→ Source information

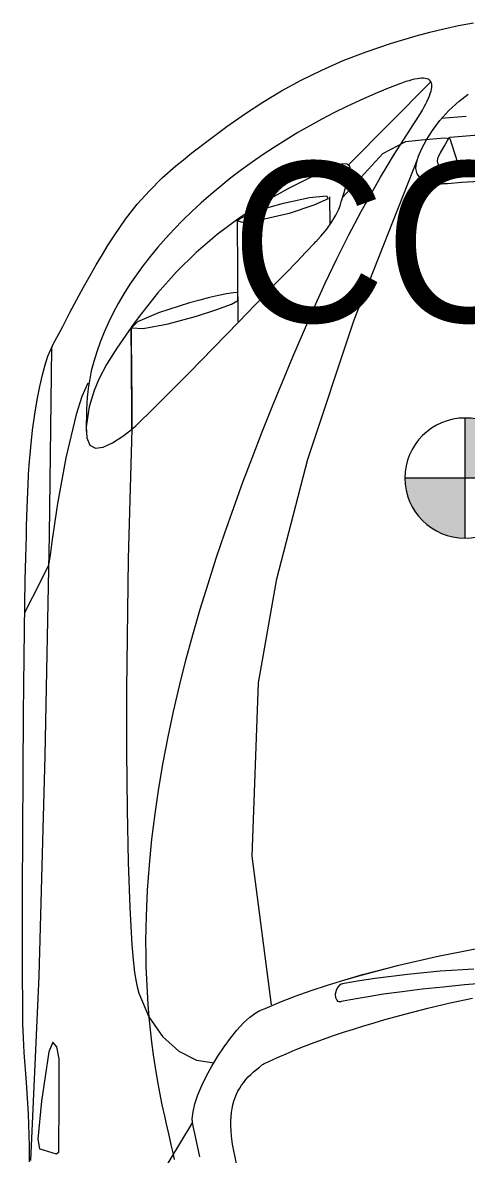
# Model space of a CAD drawing. Header units: millimetres. Extents: x 2787.4 to 2811.7, y 1328.5 to 1358.7.
# Drawn here: x 2791.094 to 2791.648, y 1339.757 to 1341.17 of the extents above; entities that cross this region are included whole.
import ezdxf
from ezdxf.enums import TextEntityAlignment as Align

# ---------------------------------------------------------------- set-up
doc = ezdxf.new("R2010")
doc.units = ezdxf.units.MM
doc.layers.get('0').update_dxf_attribs({"lineweight": 5})
for name, color, linetype, lineweight in [('0 NIVELES', 8, 'Continuous', 13), ('1-FINO', 7, 'Continuous', 5), ('12-TEXTOS', 7, 'Continuous', 5), ('2 AUTOS', 8, 'Continuous', 5)]:
    doc.layers.add(name, color=color, linetype=linetype, lineweight=lineweight)
doc.styles.add('Annotative', font='arial.ttf')
doc.styles.add('Areas', font='GOTHIC.TTF', dxfattribs={"height": 0.2})
doc.styles.add('ROMANS', font='arial.ttf', dxfattribs={"width": 0.8})

# ---------------------------------------------------------------- blocks, each defined once
blk = doc.blocks.new('NIVEL 2')
h = blk.add_hatch(color=2)
edge = h.paths.add_edge_path()
edge.add_ellipse((0, 0), major_axis=(0.053, 0.053), ratio=1, start_angle=45, end_angle=135)
edge.add_line((-0.075, 0), (0, 0))
edge.add_line((0, 0), (0, 0.075))
edge = h.paths.add_edge_path()
edge.add_line((0.075, 0), (0, 0))
edge.add_line((0, 0), (0, -0.075))
edge.add_ellipse((0, 0), major_axis=(0.053, 0.053), ratio=1, start_angle=225, end_angle=315)
at = {"color": 1}
for p, q in [((0, 0.075), (0, -0.075)), ((-0.075, 0), (0.075, 0))]:
    blk.add_line(p, q, dxfattribs=at)
blk.add_circle((0, 0), 0.075, dxfattribs=at)
at = {"color": 1, "style": 'ROMANS', "text_generation_flag": 6}
blk.add_attdef('NIVEL', text='', height=0.1, rotation=180, dxfattribs=at).set_placement((-0.125, 0), align=Align.MIDDLE_RIGHT)
blk = doc.blocks.new('ca1')
at = {"layer": '2 AUTOS'}
for points in [[(3130.1719, 841.5897), (3130.1719, 841.6099), (3130.1704, 841.6498), (3130.1679, 841.6889), (3130.1652, 841.7265), (3130.1642, 841.7446), (3130.1636, 841.7622), (3130.1634, 841.7708), (3130.1634, 841.775), (3130.1634, 841.7755), (3130.1634, 841.7766), (3130.1634, 841.7805), (3130.1634, 841.7885), (3130.1632, 841.8212), (3130.1632, 841.8553), (3130.1632, 841.8905), (3130.1632, 841.9266), (3130.1634, 842.0006), (3130.1638, 842.0754), (3130.1643, 842.1491), (3130.1647, 842.1849), (3130.1651, 842.2198), (3130.1655, 842.2534), (3130.166, 842.2856), (3130.1665, 842.3161), (3130.1671, 842.3447), (3130.1678, 842.3712), (3130.1681, 842.3835), (3130.1684, 842.3952), (3130.1688, 842.4063), (3130.1691, 842.4166), (3130.1695, 842.4263), (3130.1699, 842.4352), (3130.1706, 842.4477), (3130.1714, 842.4594), (3130.1734, 842.482), (3130.1757, 842.5033), (3130.1784, 842.523), (3130.1813, 842.5411), (3130.1845, 842.5576), (3130.1878, 842.5722), (3130.1913, 842.5849), (3130.1948, 842.5955), (3130.1983, 842.604), (3130.1991, 842.6057), (3130.1992, 842.606), (3130.1999, 842.6072), (3130.2011, 842.6096), (3130.2036, 842.6144), (3130.2132, 842.6328), (3130.2223, 842.6501), (3130.231, 842.6664), (3130.2393, 842.6818), (3130.2474, 842.6962), (3130.2552, 842.7097), (3130.2628, 842.7224), (3130.2702, 842.7344), (3130.2775, 842.7457), (3130.2919, 842.7665), (3130.3064, 842.7852), (3130.3215, 842.8022), (3130.3375, 842.8181), (3130.3548, 842.8333), (3130.364, 842.8408), (3130.3748, 842.8494), (3130.3965, 842.8661), (3130.4184, 842.8822), (3130.4406, 842.8977), (3130.4633, 842.9125), (3130.4868, 842.9267), (3130.5113, 842.9401), (3130.5369, 842.9527), (3130.5639, 842.9646), (3130.5924, 842.9757), (3130.6228, 842.9861), (3130.6551, 842.9955), (3130.6721, 843), (3130.6896, 843.0042), (3130.7077, 843.0082), (3130.7265, 843.0119)], [(3130.1719, 841.5897), (3130.1719, 841.6099), (3130.1704, 841.6498), (3130.1679, 841.6889), (3130.1652, 841.7265), (3130.1642, 841.7446), (3130.1636, 841.7622), (3130.1634, 841.7708), (3130.1634, 841.775), (3130.1634, 841.7755), (3130.1634, 841.7766), (3130.1634, 841.7805), (3130.1634, 841.7885), (3130.1632, 841.8212), (3130.1632, 841.8553), (3130.1632, 841.8905), (3130.1632, 841.9266), (3130.1634, 842.0006), (3130.1638, 842.0754), (3130.1643, 842.1491), (3130.1647, 842.1849), (3130.1651, 842.2198), (3130.1655, 842.2534), (3130.166, 842.2856), (3130.1665, 842.3161), (3130.1671, 842.3447), (3130.1678, 842.3712), (3130.1681, 842.3835), (3130.1684, 842.3952), (3130.1688, 842.4063), (3130.1691, 842.4166), (3130.1695, 842.4263), (3130.1699, 842.4352), (3130.1706, 842.4477), (3130.1714, 842.4594), (3130.1734, 842.482), (3130.1757, 842.5033), (3130.1784, 842.523), (3130.1813, 842.5411), (3130.1845, 842.5576), (3130.1878, 842.5722), (3130.1913, 842.5849), (3130.1948, 842.5955), (3130.1983, 842.604), (3130.1991, 842.6057), (3130.1992, 842.606), (3130.1999, 842.6072), (3130.2011, 842.6096), (3130.2036, 842.6144), (3130.2132, 842.6328), (3130.2223, 842.6501), (3130.231, 842.6664), (3130.2393, 842.6818), (3130.2474, 842.6962), (3130.2552, 842.7097), (3130.2628, 842.7224), (3130.2702, 842.7344), (3130.2775, 842.7457), (3130.2919, 842.7665), (3130.3064, 842.7852), (3130.3215, 842.8022), (3130.3375, 842.8181), (3130.3548, 842.8333), (3130.364, 842.8408), (3130.3748, 842.8494), (3130.3965, 842.8661), (3130.4184, 842.8822), (3130.4406, 842.8977), (3130.4633, 842.9125), (3130.4868, 842.9267), (3130.5113, 842.9401), (3130.5369, 842.9527), (3130.5639, 842.9646), (3130.5924, 842.9757), (3130.6228, 842.9861), (3130.6551, 842.9955), (3130.6721, 843), (3130.6896, 843.0042), (3130.7077, 843.0082), (3130.7265, 843.0119)], [(3130.7483, 842.8146), (3130.7118, 842.8122), (3130.6942, 842.8109), (3130.6922, 842.8107), (3130.6913, 842.8107), (3130.6897, 842.8106), (3130.6865, 842.8104), (3130.6805, 842.8105), (3130.6752, 842.8111), (3130.6706, 842.8122), (3130.6665, 842.8137), (3130.6602, 842.8177), (3130.6563, 842.8232), (3130.6547, 842.8297), (3130.6553, 842.8371), (3130.658, 842.8453), (3130.6622, 842.8548), (3130.668, 842.8656), (3130.6754, 842.8774), (3130.6846, 842.8897), (3130.6957, 842.9021), (3130.7088, 842.9141), (3130.7161, 842.9199), (3130.72, 842.9227)], [(3130.3531, 841.5926), (3130.3512, 841.6011), (3130.3493, 841.6093), (3130.3476, 841.6172), (3130.3458, 841.6247), (3130.3442, 841.632), (3130.3426, 841.6388), (3130.3412, 841.6453), (3130.3377, 841.6609), (3130.3346, 841.6765), (3130.3317, 841.6921), (3130.3291, 841.7077), (3130.3268, 841.7234), (3130.3247, 841.7391), (3130.3229, 841.7548), (3130.3214, 841.7706), (3130.3201, 841.7863), (3130.3191, 841.8021), (3130.3183, 841.8179), (3130.3177, 841.8337), (3130.3174, 841.8495), (3130.3173, 841.8654), (3130.3179, 841.8971), (3130.3193, 841.9289), (3130.3216, 841.9608), (3130.3247, 841.9926), (3130.3287, 842.0245), (3130.3334, 842.0564), (3130.3388, 842.0884), (3130.345, 842.1203), (3130.3518, 842.1522), (3130.3592, 842.1842), (3130.3673, 842.2161), (3130.376, 842.2479), (3130.3852, 842.2798), (3130.3949, 842.3116), (3130.4051, 842.3433), (3130.4158, 842.375), (3130.4269, 842.4067), (3130.4384, 842.4382), (3130.4502, 842.4697), (3130.4624, 842.5011), (3130.4749, 842.5323), (3130.4877, 842.5635), (3130.5007, 842.5946), (3130.5273, 842.6564), (3130.5412, 842.6867), (3130.5557, 842.717), (3130.5708, 842.7469), (3130.5864, 842.7762), (3130.6024, 842.8049), (3130.6104, 842.8189), (3130.6186, 842.8326), (3130.6267, 842.846), (3130.6349, 842.8591), (3130.6431, 842.8719), (3130.6513, 842.8844), (3130.6545, 842.8893), (3130.6575, 842.894), (3130.6602, 842.8984), (3130.6627, 842.9027), (3130.665, 842.9067), (3130.667, 842.9105), (3130.6687, 842.9141), (3130.6703, 842.9175), (3130.6716, 842.9206), (3130.6726, 842.9236), (3130.6735, 842.9263), (3130.674, 842.9288), (3130.6744, 842.9311), (3130.6744, 842.9332), (3130.6743, 842.9351), (3130.6739, 842.9367), (3130.6732, 842.9382), (3130.6723, 842.9394), (3130.6712, 842.9405), (3130.6698, 842.9413), (3130.6681, 842.9419), (3130.6663, 842.9423), (3130.6641, 842.9425), (3130.6617, 842.9425), (3130.6591, 842.9423), (3130.6562, 842.9419), (3130.653, 842.9413), (3130.6496, 842.9405), (3130.646, 842.9395), (3130.642, 842.9383), (3130.6379, 842.9369), (3130.6334, 842.9353), (3130.6169, 842.9288), (3130.6005, 842.922), (3130.5844, 842.9148), (3130.5684, 842.9074), (3130.5527, 842.8996), (3130.5372, 842.8916), (3130.522, 842.8833), (3130.507, 842.8747), (3130.4923, 842.8658), (3130.4779, 842.8567), (3130.4638, 842.8474), (3130.45, 842.8379), (3130.4366, 842.8281), (3130.4235, 842.8181), (3130.4107, 842.8079), (3130.3983, 842.7975), (3130.3863, 842.7869), (3130.3747, 842.7762), (3130.3634, 842.7653), (3130.3526, 842.7542), (3130.3422, 842.743), (3130.3323, 842.7317), (3130.3228, 842.7203), (3130.3138, 842.7087), (3130.3053, 842.697), (3130.2972, 842.6853), (3130.2897, 842.6734), (3130.2827, 842.6615), (3130.2762, 842.6495), (3130.2703, 842.6375), (3130.2649, 842.6254), (3130.2601, 842.6132), (3130.2558, 842.601), (3130.2521, 842.5891), (3130.249, 842.5772), (3130.2466, 842.5647), (3130.2456, 842.5582), (3130.2447, 842.5514), (3130.244, 842.5443), (3130.2434, 842.5368), (3130.243, 842.5288), (3130.2428, 842.5204), (3130.2426, 842.5114), (3130.2427, 842.5019)], [(3130.6723, 842.9371), (3130.5709, 842.835)], [(3130.7276, 842.8329), (3130.7068, 842.8312), (3130.6966, 842.8303), (3130.6916, 842.8299), (3130.6906, 842.8298), (3130.6905, 842.8298), (3130.6903, 842.8298), (3130.689, 842.8299), (3130.6864, 842.8311), (3130.6841, 842.8331), (3130.6825, 842.8359), (3130.6816, 842.839), (3130.6818, 842.8423), (3130.6833, 842.8457), (3130.6854, 842.8495), (3130.6898, 842.8573), (3130.6941, 842.8647), (3130.696, 842.868), (3130.6963, 842.8684), (3130.6964, 842.8686), (3130.6974, 842.8688), (3130.7024, 842.8692), (3130.7124, 842.8701), (3130.7329, 842.8719)], [(3130.7175, 842.8947), (3130.6863, 842.8922)], [(3130.5628, 842.7938), (3130.6132, 842.8485), (3130.6421, 842.8636), (3130.6614, 842.8656), (3130.6904, 842.8682), (3130.6968, 842.8675), (3130.6994, 842.8594), (3130.7032, 842.8479), (3130.7066, 842.8375), (3130.7081, 842.833)], [(3130.4742, 841.7857), (3130.4498, 841.9715), (3130.4578, 842.1878), (3130.4807, 842.3176), (3130.5197, 842.4672), (3130.5776, 842.6408), (3130.657, 842.8425)], [(3130.5468, 842.7944), (3130.5471, 842.7601)], [(3130.4312, 842.7639), (3130.4322, 842.6389)], [(3130.1992, 842.6059), (3130.1963, 842.3723), (3130.1911, 842.0965), (3130.1833, 841.8218), (3130.1732, 841.5915)], [(3130.2445, 842.5621), (3130.237, 842.5451), (3130.2299, 842.5228), (3130.2172, 842.4687), (3130.2069, 842.4117), (3130.1997, 842.3639), (3130.1974, 842.3472), (3130.1961, 842.3374), (3130.1955, 842.3347), (3130.1912, 842.3261), (3130.1753, 842.2946), (3130.1686, 842.2812), (3130.1658, 842.2757)], [(3130.2998, 842.5046), (3130.2949, 842.3425), (3130.293, 842.1795), (3130.293, 842.102), (3130.2938, 842.0296), (3130.2951, 841.9641), (3130.2972, 841.9072), (3130.2998, 841.8607), (3130.3014, 841.8419), (3130.3031, 841.8264), (3130.305, 841.8144), (3130.3063, 841.8085), (3130.3085, 841.8005), (3130.321, 841.7711), (3130.3381, 841.7465), (3130.3584, 841.728), (3130.3803, 841.7166), (3130.4024, 841.7136)], [(3130.3844, 841.5963), (3130.3791, 841.6214), (3130.3764, 841.6344), (3130.3757, 841.6376), (3130.3756, 841.6384), (3130.3755, 841.6388), (3130.3755, 841.639), (3130.3754, 841.6399), (3130.3752, 841.6437), (3130.3761, 841.6524), (3130.3785, 841.6625), (3130.3823, 841.6734), (3130.3872, 841.6851), (3130.393, 841.6973), (3130.3997, 841.7095), (3130.407, 841.7216), (3130.4148, 841.7334), (3130.4229, 841.7444), (3130.431, 841.7544), (3130.4391, 841.7632), (3130.447, 841.7704), (3130.4544, 841.7759), (3130.4579, 841.7778), (3130.4584, 841.7781), (3130.4595, 841.7786), (3130.4617, 841.7795), (3130.4661, 841.7815), (3130.4844, 841.7892), (3130.5036, 841.7966), (3130.5236, 841.8038), (3130.5443, 841.8106), (3130.5658, 841.8172), (3130.5878, 841.8235), (3130.6334, 841.8354), (3130.6805, 841.8461), (3130.7286, 841.8557)], [(3130.3844, 841.5963), (3130.3791, 841.6214), (3130.3764, 841.6344), (3130.3757, 841.6376), (3130.3756, 841.6384), (3130.3755, 841.6388), (3130.3755, 841.639), (3130.3754, 841.6399), (3130.3752, 841.6437), (3130.3761, 841.6524), (3130.3785, 841.6625), (3130.3823, 841.6734), (3130.3872, 841.6851), (3130.393, 841.6973), (3130.3997, 841.7095), (3130.407, 841.7216), (3130.4148, 841.7334), (3130.4229, 841.7444), (3130.431, 841.7544), (3130.4391, 841.7632), (3130.447, 841.7704), (3130.4544, 841.7759), (3130.4579, 841.7778), (3130.4584, 841.7781), (3130.4595, 841.7786), (3130.4617, 841.7795), (3130.4661, 841.7815), (3130.4844, 841.7892), (3130.5036, 841.7966), (3130.5236, 841.8038), (3130.5443, 841.8106), (3130.5658, 841.8172), (3130.5878, 841.8236), (3130.6334, 841.8354), (3130.6805, 841.8461), (3130.7286, 841.8558)], [(3130.4349, 841.5658), (3130.4267, 841.6057), (3130.4262, 841.6082), (3130.426, 841.6094), (3130.4259, 841.6099), (3130.4256, 841.6117), (3130.4251, 841.6152), (3130.4243, 841.622), (3130.4237, 841.6285), (3130.4234, 841.6347), (3130.4234, 841.6405), (3130.4237, 841.6461), (3130.4242, 841.6514), (3130.4249, 841.6564), (3130.4259, 841.6612), (3130.4271, 841.6658), (3130.4286, 841.6701), (3130.4303, 841.6742), (3130.4322, 841.6782), (3130.4344, 841.682), (3130.4368, 841.6856), (3130.4394, 841.6891), (3130.4422, 841.6925), (3130.4452, 841.6958), (3130.4484, 841.699), (3130.4517, 841.7021), (3130.4553, 841.7052), (3130.4591, 841.7082), (3130.463, 841.7112), (3130.464, 841.7119), (3130.4646, 841.7123), (3130.4648, 841.7125), (3130.4654, 841.7127), (3130.4707, 841.7152), (3130.4815, 841.7201), (3130.4925, 841.7249), (3130.5039, 841.7296), (3130.5154, 841.7342), (3130.5273, 841.7387), (3130.5393, 841.7431), (3130.5516, 841.7474), (3130.564, 841.7516), (3130.5767, 841.7557), (3130.5895, 841.7597), (3130.6025, 841.7636), (3130.6156, 841.7674), (3130.6424, 841.7748), (3130.6696, 841.7817), (3130.6973, 841.7882), (3130.7253, 841.7943)], [(3130.4349, 841.5658), (3130.4267, 841.6057), (3130.4262, 841.6082), (3130.426, 841.6094), (3130.4259, 841.6099), (3130.4256, 841.6117), (3130.4251, 841.6152), (3130.4243, 841.622), (3130.4237, 841.6285), (3130.4234, 841.6347), (3130.4234, 841.6405), (3130.4237, 841.6461), (3130.4242, 841.6514), (3130.4249, 841.6564), (3130.4259, 841.6612), (3130.4271, 841.6658), (3130.4286, 841.6701), (3130.4303, 841.6742), (3130.4322, 841.6782), (3130.4344, 841.682), (3130.4368, 841.6856), (3130.4394, 841.6891), (3130.4422, 841.6925), (3130.4452, 841.6958), (3130.4484, 841.699), (3130.4517, 841.7021), (3130.4553, 841.7052), (3130.4591, 841.7082), (3130.463, 841.7112), (3130.464, 841.7119), (3130.4646, 841.7123), (3130.4648, 841.7125), (3130.4654, 841.7127), (3130.4707, 841.7152), (3130.4815, 841.7201), (3130.4925, 841.7249), (3130.5039, 841.7296), (3130.5154, 841.7342), (3130.5273, 841.7387), (3130.5393, 841.7431), (3130.5516, 841.7474), (3130.564, 841.7516), (3130.5767, 841.7557), (3130.5895, 841.7597), (3130.6025, 841.7636), (3130.6156, 841.7675), (3130.6424, 841.7748), (3130.6696, 841.7817), (3130.6973, 841.7882), (3130.7253, 841.7943)], [(3130.7269, 841.8305), (3130.6851, 841.8277), (3130.6439, 841.8238), (3130.6037, 841.8187), (3130.5842, 841.8157), (3130.5651, 841.8123), (3130.5627, 841.8119), (3130.5616, 841.8117), (3130.5609, 841.8115), (3130.5607, 841.8114), (3130.5603, 841.8112), (3130.5594, 841.8107), (3130.5567, 841.8077), (3130.5548, 841.8036), (3130.5539, 841.7991), (3130.5541, 841.7949), (3130.5556, 841.7917), (3130.5568, 841.7906), (3130.5584, 841.79), (3130.5603, 841.79), (3130.5609, 841.7901), (3130.561, 841.7902), (3130.5618, 841.7903), (3130.5639, 841.7908), (3130.5729, 841.7926), (3130.5824, 841.7943), (3130.5925, 841.796), (3130.6142, 841.7994), (3130.6376, 841.8026), (3130.6625, 841.8057), (3130.6885, 841.8085), (3130.7154, 841.8111), (3130.7703, 841.8153)], [(3130.7269, 841.8305), (3130.6851, 841.8277), (3130.6439, 841.8238), (3130.6037, 841.8187), (3130.5842, 841.8157), (3130.5651, 841.8123), (3130.5627, 841.8119), (3130.5616, 841.8117), (3130.5609, 841.8115), (3130.5607, 841.8114), (3130.5603, 841.8112), (3130.5594, 841.8107), (3130.5567, 841.8077), (3130.5548, 841.8036), (3130.5539, 841.7991), (3130.5541, 841.7949), (3130.5556, 841.7917), (3130.5568, 841.7906), (3130.5584, 841.79), (3130.5603, 841.79), (3130.5609, 841.7901), (3130.561, 841.7902), (3130.5618, 841.7903), (3130.5639, 841.7908), (3130.5729, 841.7926), (3130.5824, 841.7943), (3130.5925, 841.796), (3130.6142, 841.7994), (3130.6376, 841.8026), (3130.6625, 841.8057), (3130.6885, 841.8085), (3130.7154, 841.8111), (3130.7703, 841.8153)], [(3130.3025, 841.5178), (3130.3755, 841.6387)]]:
    blk.add_lwpolyline(points, dxfattribs=at)
for points in [[(3130.5584, 842.7793), (3130.5598, 842.7834), (3130.5614, 842.7884), (3130.5649, 842.8), (3130.5684, 842.812), (3130.5713, 842.8223), (3130.5724, 842.8262), (3130.5729, 842.8292), (3130.5726, 842.8316), (3130.5717, 842.8334), (3130.5683, 842.8354), (3130.5634, 842.8356), (3130.558, 842.8344), (3130.5573, 842.8342), (3130.5572, 842.8341), (3130.5562, 842.8337), (3130.5538, 842.8327), (3130.549, 842.8306), (3130.5303, 842.8222), (3130.4954, 842.805), (3130.4633, 842.787), (3130.4337, 842.7679), (3130.4061, 842.7473), (3130.3801, 842.7251), (3130.3555, 842.7008), (3130.3318, 842.6743), (3130.3087, 842.6452), (3130.3029, 842.6374), (3130.3001, 842.6335), (3130.2988, 842.6318), (3130.2988, 842.6318), (3130.2989, 842.6304), (3130.2989, 842.627), (3130.2989, 842.6218), (3130.299, 842.6152), (3130.299, 842.6073), (3130.2992, 842.5887), (3130.2993, 842.5682), (3130.2995, 842.5476), (3130.2996, 842.5291), (3130.2997, 842.5212), (3130.2997, 842.5146), (3130.2997, 842.5094), (3130.2998, 842.506), (3130.2998, 842.5046), (3130.3003, 842.505), (3130.3016, 842.5061), (3130.3045, 842.5087), (3130.3118, 842.5156), (3130.321, 842.5245), (3130.3318, 842.5351), (3130.3439, 842.5472), (3130.3572, 842.5605), (3130.3714, 842.575), (3130.4018, 842.606), (3130.4333, 842.6385), (3130.4642, 842.6705), (3130.4789, 842.6857), (3130.4928, 842.7001), (3130.5056, 842.7135), (3130.5172, 842.7256), (3130.5274, 842.7362), (3130.5297, 842.7386), (3130.5308, 842.7397), (3130.5313, 842.7403), (3130.5318, 842.7408), (3130.5358, 842.7452), (3130.5432, 842.7542), (3130.5495, 842.7632), (3130.5546, 842.7717), (3130.5584, 842.7793)], [(3130.489, 842.7864), (3130.5218, 842.7936), (3130.5427, 842.7959), (3130.5449, 842.7922), (3130.5272, 842.7839), (3130.4963, 842.7739), (3130.4618, 842.7658), (3130.4379, 842.7625), (3130.4313, 842.7644), (3130.435, 842.7675), (3130.4435, 842.7716), (3130.4558, 842.7763), (3130.4713, 842.7814)], [(3130.3718, 842.6621), (3130.3329, 842.6496), (3130.3065, 842.6383), (3130.2991, 842.631), (3130.3136, 842.6302), (3130.3449, 842.636), (3130.3806, 842.6456), (3130.4044, 842.6533), (3130.4241, 842.6606), (3130.432, 842.665), (3130.4319, 842.6703), (3130.4319, 842.675), (3130.4268, 842.6748), (3130.4179, 842.6733), (3130.4079, 842.6713), (3130.3967, 842.6687), (3130.3846, 842.6656)], [(3130.2582, 842.5667), (3130.2525, 842.5526), (3130.2462, 842.5324), (3130.2427, 842.5073), (3130.2434, 842.4935), (3130.2473, 842.4845), (3130.2543, 842.4809), (3130.2638, 842.4821), (3130.2754, 842.4873), (3130.2885, 842.4958), (3130.2955, 842.5011), (3130.2991, 842.504), (3130.2998, 842.5049), (3130.2998, 842.5088), (3130.2997, 842.5163), (3130.2995, 842.5393), (3130.2993, 842.5682), (3130.2991, 842.597), (3130.2989, 842.6201), (3130.2989, 842.6276), (3130.2989, 842.6315), (3130.2957, 842.6274), (3130.2808, 842.6057), (3130.2678, 842.5853), (3130.2582, 842.5667)], [(3130.1958, 841.7273), (3130.1868, 841.6657), (3130.1823, 841.618), (3130.1842, 841.6061), (3130.1887, 841.605), (3130.2051, 841.5997), (3130.2082, 841.6018), (3130.2084, 841.618), (3130.2087, 841.653), (3130.2088, 841.691), (3130.2088, 841.7111), (3130.2087, 841.7186), (3130.206, 841.7335), (3130.2011, 841.7392), (3130.1958, 841.7273)]]:
    blk.add_lwpolyline(points, close=True, dxfattribs=at)

msp = doc.modelspace()

# ---------------------------------------------------------------- block references
at = {"layer": '0 NIVELES'}
ref = msp.add_blockref('NIVEL 2', (2791.6465, 1340.6016), dxfattribs=dict(at, xscale=-1))
ref.add_attrib('NIVEL', 'NPT+0.00', dxfattribs={"layer": '0', "color": 1, "height": 0.1, "style": 'Annotative'}).set_placement((2792.4507, 1340.6016), align=Align.MIDDLE_RIGHT)
at = {"layer": '1-FINO'}
msp.add_blockref('ca1', (-339.0694, 498.1582), dxfattribs=at)

# ---------------------------------------------------------------- texts
at = {"layer": '12-TEXTOS', "insert": (2791.3541, 1340.9964), "char_height": 0.2, "attachment_point": 1, "style": 'Areas'}
msp.add_mtext_dynamic_manual_height_columns('\\A1;{\\H1x;COCHERA}', width=1.188965, gutter_width=1.25, heights=[0], dxfattribs=at)

doc.saveas('drawing.dxf')

→ What is expected
From the data above, copy each line with the string "ezdxf" in it.

→ Solution to this exercise
import ezdxf
from ezdxf.enums import TextEntityAlignment as Align
doc = ezdxf.new("R2010")
doc.units = ezdxf.units.MM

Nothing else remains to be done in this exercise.